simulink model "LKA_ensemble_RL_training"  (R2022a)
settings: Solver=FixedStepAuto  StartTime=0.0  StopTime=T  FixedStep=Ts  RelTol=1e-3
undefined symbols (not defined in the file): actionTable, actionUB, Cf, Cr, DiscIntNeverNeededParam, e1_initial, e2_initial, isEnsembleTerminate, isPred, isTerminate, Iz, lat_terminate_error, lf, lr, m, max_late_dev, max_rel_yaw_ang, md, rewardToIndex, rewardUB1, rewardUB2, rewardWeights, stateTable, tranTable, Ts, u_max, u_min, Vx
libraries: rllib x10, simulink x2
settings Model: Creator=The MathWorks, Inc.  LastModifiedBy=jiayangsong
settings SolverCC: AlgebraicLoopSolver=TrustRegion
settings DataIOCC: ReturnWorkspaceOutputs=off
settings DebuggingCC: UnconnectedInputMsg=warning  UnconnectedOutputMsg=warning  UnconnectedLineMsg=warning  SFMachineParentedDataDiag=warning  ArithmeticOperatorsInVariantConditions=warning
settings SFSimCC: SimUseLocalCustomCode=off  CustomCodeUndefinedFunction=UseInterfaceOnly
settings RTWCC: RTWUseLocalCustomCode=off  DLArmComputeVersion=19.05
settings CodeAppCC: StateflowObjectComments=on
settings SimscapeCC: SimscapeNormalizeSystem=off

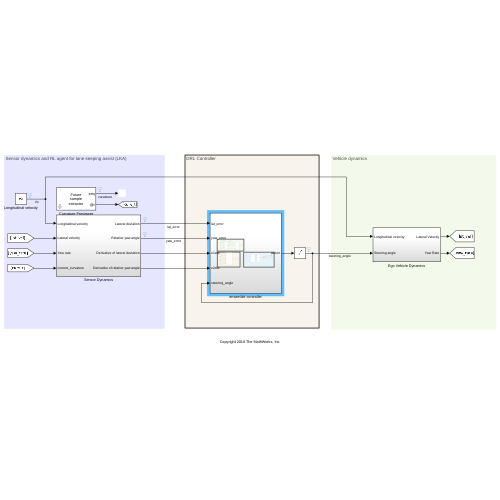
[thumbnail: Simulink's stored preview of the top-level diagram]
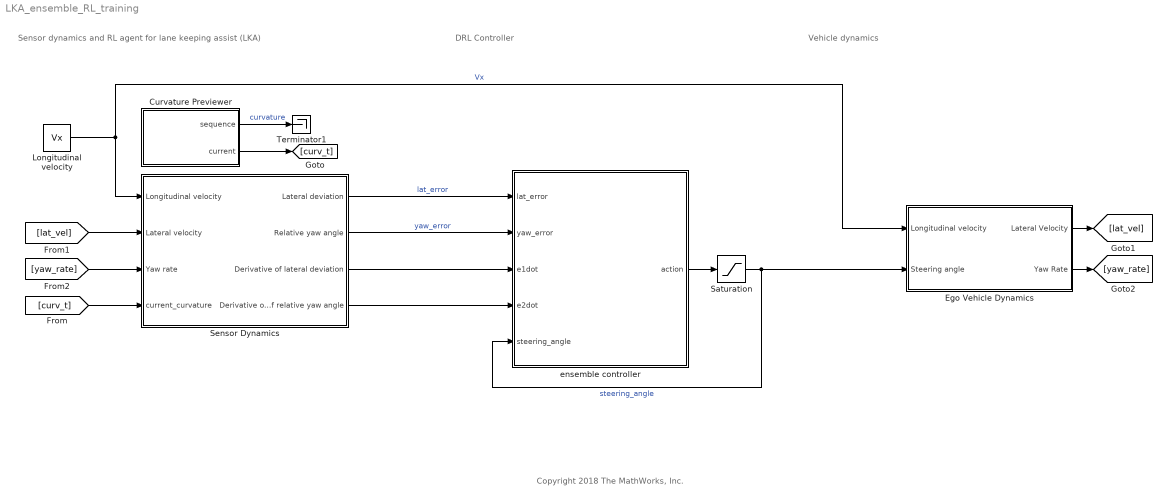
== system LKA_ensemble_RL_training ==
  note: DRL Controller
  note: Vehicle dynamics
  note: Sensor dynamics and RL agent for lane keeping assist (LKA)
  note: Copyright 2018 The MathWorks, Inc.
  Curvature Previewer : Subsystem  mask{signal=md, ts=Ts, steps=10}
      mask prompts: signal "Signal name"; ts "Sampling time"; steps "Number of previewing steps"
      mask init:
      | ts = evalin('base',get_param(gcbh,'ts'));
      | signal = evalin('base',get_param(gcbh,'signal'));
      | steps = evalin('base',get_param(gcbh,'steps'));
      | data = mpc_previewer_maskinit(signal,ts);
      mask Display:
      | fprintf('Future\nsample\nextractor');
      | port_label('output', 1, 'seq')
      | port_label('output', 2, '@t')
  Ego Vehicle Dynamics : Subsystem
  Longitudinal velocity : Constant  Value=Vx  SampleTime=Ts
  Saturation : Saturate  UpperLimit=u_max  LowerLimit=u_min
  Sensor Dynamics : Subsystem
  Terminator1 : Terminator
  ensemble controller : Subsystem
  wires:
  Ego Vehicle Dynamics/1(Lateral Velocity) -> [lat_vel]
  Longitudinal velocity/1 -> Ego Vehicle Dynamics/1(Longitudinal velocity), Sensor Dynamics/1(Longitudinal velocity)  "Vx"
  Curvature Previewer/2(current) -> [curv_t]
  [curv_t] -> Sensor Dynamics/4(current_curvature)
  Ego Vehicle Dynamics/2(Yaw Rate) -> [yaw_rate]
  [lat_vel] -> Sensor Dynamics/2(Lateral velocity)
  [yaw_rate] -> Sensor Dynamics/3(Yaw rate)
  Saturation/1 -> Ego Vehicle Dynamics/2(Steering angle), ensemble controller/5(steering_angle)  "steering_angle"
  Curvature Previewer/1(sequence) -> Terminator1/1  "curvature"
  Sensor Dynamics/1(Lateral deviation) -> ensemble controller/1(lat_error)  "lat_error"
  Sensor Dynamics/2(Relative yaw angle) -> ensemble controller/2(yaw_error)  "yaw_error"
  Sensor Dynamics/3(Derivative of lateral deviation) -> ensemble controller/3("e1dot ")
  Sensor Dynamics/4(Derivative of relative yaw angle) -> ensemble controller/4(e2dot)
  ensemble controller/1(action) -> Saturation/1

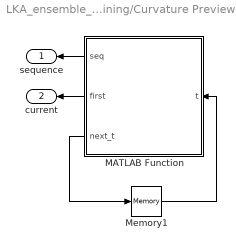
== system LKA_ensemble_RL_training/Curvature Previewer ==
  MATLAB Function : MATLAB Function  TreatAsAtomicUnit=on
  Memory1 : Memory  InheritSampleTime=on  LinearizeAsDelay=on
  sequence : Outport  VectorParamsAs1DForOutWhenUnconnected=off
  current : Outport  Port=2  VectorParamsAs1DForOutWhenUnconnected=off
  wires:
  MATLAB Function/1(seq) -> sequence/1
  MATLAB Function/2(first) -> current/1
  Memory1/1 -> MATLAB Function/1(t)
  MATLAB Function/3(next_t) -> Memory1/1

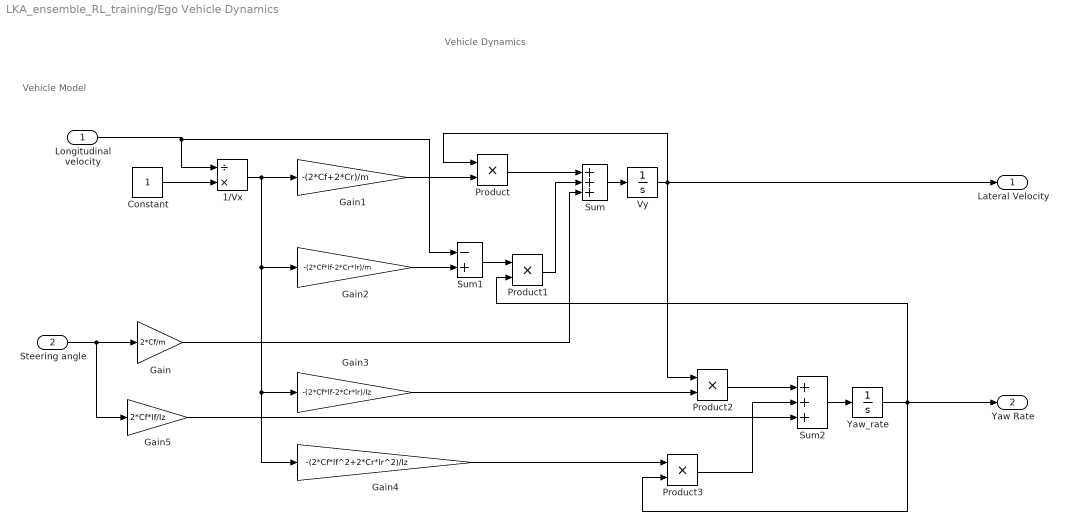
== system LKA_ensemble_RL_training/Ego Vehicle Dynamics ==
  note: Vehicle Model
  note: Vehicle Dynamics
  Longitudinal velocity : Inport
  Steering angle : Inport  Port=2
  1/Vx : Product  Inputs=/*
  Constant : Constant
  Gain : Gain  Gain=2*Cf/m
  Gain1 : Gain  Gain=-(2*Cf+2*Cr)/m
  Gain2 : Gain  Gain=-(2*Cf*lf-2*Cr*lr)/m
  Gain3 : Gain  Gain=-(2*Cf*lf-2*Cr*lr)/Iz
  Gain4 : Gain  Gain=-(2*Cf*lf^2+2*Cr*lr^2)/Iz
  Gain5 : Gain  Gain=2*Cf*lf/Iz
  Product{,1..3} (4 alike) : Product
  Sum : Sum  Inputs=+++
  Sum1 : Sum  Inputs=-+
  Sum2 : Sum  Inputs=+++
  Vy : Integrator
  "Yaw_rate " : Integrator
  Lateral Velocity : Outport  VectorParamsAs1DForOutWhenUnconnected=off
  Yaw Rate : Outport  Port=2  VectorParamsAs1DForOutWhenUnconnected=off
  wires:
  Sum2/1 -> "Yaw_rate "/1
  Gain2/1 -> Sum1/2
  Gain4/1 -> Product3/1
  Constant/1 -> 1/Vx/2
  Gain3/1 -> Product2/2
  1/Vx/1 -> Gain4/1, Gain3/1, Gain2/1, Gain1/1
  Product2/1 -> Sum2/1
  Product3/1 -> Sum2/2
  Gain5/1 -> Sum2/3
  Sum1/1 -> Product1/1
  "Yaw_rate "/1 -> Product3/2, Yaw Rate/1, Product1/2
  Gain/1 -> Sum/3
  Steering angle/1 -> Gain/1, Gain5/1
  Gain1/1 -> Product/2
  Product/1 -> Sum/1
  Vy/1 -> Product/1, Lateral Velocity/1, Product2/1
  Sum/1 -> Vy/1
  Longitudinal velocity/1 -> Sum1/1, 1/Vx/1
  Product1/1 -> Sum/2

■ WORK ITEM ■
Everything in the records above should be printed again exactly, except the pictures.

■ RESULT FOR THIS EXERCISE ■
simulink model "LKA_ensemble_RL_training"  (R2022a)
settings: Solver=FixedStepAuto  StartTime=0.0  StopTime=T  FixedStep=Ts  RelTol=1e-3
undefined symbols (not defined in the file): actionTable, actionUB, Cf, Cr, DiscIntNeverNeededParam, e1_initial, e2_initial, isEnsembleTerminate, isPred, isTerminate, Iz, lat_terminate_error, lf, lr, m, max_late_dev, max_rel_yaw_ang, md, rewardToIndex, rewardUB1, rewardUB2, rewardWeights, stateTable, tranTable, Ts, u_max, u_min, Vx
libraries: rllib x10, simulink x2
settings Model: Creator=The MathWorks, Inc.  LastModifiedBy=jiayangsong
settings SolverCC: AlgebraicLoopSolver=TrustRegion
settings DataIOCC: ReturnWorkspaceOutputs=off
settings DebuggingCC: UnconnectedInputMsg=warning  UnconnectedOutputMsg=warning  UnconnectedLineMsg=warning  SFMachineParentedDataDiag=warning  ArithmeticOperatorsInVariantConditions=warning
settings SFSimCC: SimUseLocalCustomCode=off  CustomCodeUndefinedFunction=UseInterfaceOnly
settings RTWCC: RTWUseLocalCustomCode=off  DLArmComputeVersion=19.05
settings CodeAppCC: StateflowObjectComments=on
settings SimscapeCC: SimscapeNormalizeSystem=off

[thumbnail: Simulink's stored preview of the top-level diagram]
== system LKA_ensemble_RL_training ==
  note: DRL Controller
  note: Vehicle dynamics
  note: Sensor dynamics and RL agent for lane keeping assist (LKA)
  note: Copyright 2018 The MathWorks, Inc.
  Curvature Previewer : Subsystem  mask{signal=md, ts=Ts, steps=10}
      mask prompts: signal "Signal name"; ts "Sampling time"; steps "Number of previewing steps"
      mask init:
      | ts = evalin('base',get_param(gcbh,'ts'));
      | signal = evalin('base',get_param(gcbh,'signal'));
      | steps = evalin('base',get_param(gcbh,'steps'));
      | data = mpc_previewer_maskinit(signal,ts);
      mask Display:
      | fprintf('Future\nsample\nextractor');
      | port_label('output', 1, 'seq')
      | port_label('output', 2, '@t')
  Ego Vehicle Dynamics : Subsystem
  Longitudinal velocity : Constant  Value=Vx  SampleTime=Ts
  Saturation : Saturate  UpperLimit=u_max  LowerLimit=u_min
  Sensor Dynamics : Subsystem
  Terminator1 : Terminator
  ensemble controller : Subsystem
  wires:
  Ego Vehicle Dynamics/1(Lateral Velocity) -> [lat_vel]
  Longitudinal velocity/1 -> Ego Vehicle Dynamics/1(Longitudinal velocity), Sensor Dynamics/1(Longitudinal velocity)  "Vx"
  Curvature Previewer/2(current) -> [curv_t]
  [curv_t] -> Sensor Dynamics/4(current_curvature)
  Ego Vehicle Dynamics/2(Yaw Rate) -> [yaw_rate]
  [lat_vel] -> Sensor Dynamics/2(Lateral velocity)
  [yaw_rate] -> Sensor Dynamics/3(Yaw rate)
  Saturation/1 -> Ego Vehicle Dynamics/2(Steering angle), ensemble controller/5(steering_angle)  "steering_angle"
  Curvature Previewer/1(sequence) -> Terminator1/1  "curvature"
  Sensor Dynamics/1(Lateral deviation) -> ensemble controller/1(lat_error)  "lat_error"
  Sensor Dynamics/2(Relative yaw angle) -> ensemble controller/2(yaw_error)  "yaw_error"
  Sensor Dynamics/3(Derivative of lateral deviation) -> ensemble controller/3("e1dot ")
  Sensor Dynamics/4(Derivative of relative yaw angle) -> ensemble controller/4(e2dot)
  ensemble controller/1(action) -> Saturation/1

== system LKA_ensemble_RL_training/Curvature Previewer ==
  MATLAB Function : MATLAB Function  TreatAsAtomicUnit=on
  Memory1 : Memory  InheritSampleTime=on  LinearizeAsDelay=on
  sequence : Outport  VectorParamsAs1DForOutWhenUnconnected=off
  current : Outport  Port=2  VectorParamsAs1DForOutWhenUnconnected=off
  wires:
  MATLAB Function/1(seq) -> sequence/1
  MATLAB Function/2(first) -> current/1
  Memory1/1 -> MATLAB Function/1(t)
  MATLAB Function/3(next_t) -> Memory1/1

== system LKA_ensemble_RL_training/Ego Vehicle Dynamics ==
  note: Vehicle Model
  note: Vehicle Dynamics
  Longitudinal velocity : Inport
  Steering angle : Inport  Port=2
  1/Vx : Product  Inputs=/*
  Constant : Constant
  Gain : Gain  Gain=2*Cf/m
  Gain1 : Gain  Gain=-(2*Cf+2*Cr)/m
  Gain2 : Gain  Gain=-(2*Cf*lf-2*Cr*lr)/m
  Gain3 : Gain  Gain=-(2*Cf*lf-2*Cr*lr)/Iz
  Gain4 : Gain  Gain=-(2*Cf*lf^2+2*Cr*lr^2)/Iz
  Gain5 : Gain  Gain=2*Cf*lf/Iz
  Product{,1..3} (4 alike) : Product
  Sum : Sum  Inputs=+++
  Sum1 : Sum  Inputs=-+
  Sum2 : Sum  Inputs=+++
  Vy : Integrator
  "Yaw_rate " : Integrator
  Lateral Velocity : Outport  VectorParamsAs1DForOutWhenUnconnected=off
  Yaw Rate : Outport  Port=2  VectorParamsAs1DForOutWhenUnconnected=off
  wires:
  Sum2/1 -> "Yaw_rate "/1
  Gain2/1 -> Sum1/2
  Gain4/1 -> Product3/1
  Constant/1 -> 1/Vx/2
  Gain3/1 -> Product2/2
  1/Vx/1 -> Gain4/1, Gain3/1, Gain2/1, Gain1/1
  Product2/1 -> Sum2/1
  Product3/1 -> Sum2/2
  Gain5/1 -> Sum2/3
  Sum1/1 -> Product1/1
  "Yaw_rate "/1 -> Product3/2, Yaw Rate/1, Product1/2
  Gain/1 -> Sum/3
  Steering angle/1 -> Gain/1, Gain5/1
  Gain1/1 -> Product/2
  Product/1 -> Sum/1
  Vy/1 -> Product/1, Lateral Velocity/1, Product2/1
  Sum/1 -> Vy/1
  Longitudinal velocity/1 -> Sum1/1, 1/Vx/1
  Product1/1 -> Sum/2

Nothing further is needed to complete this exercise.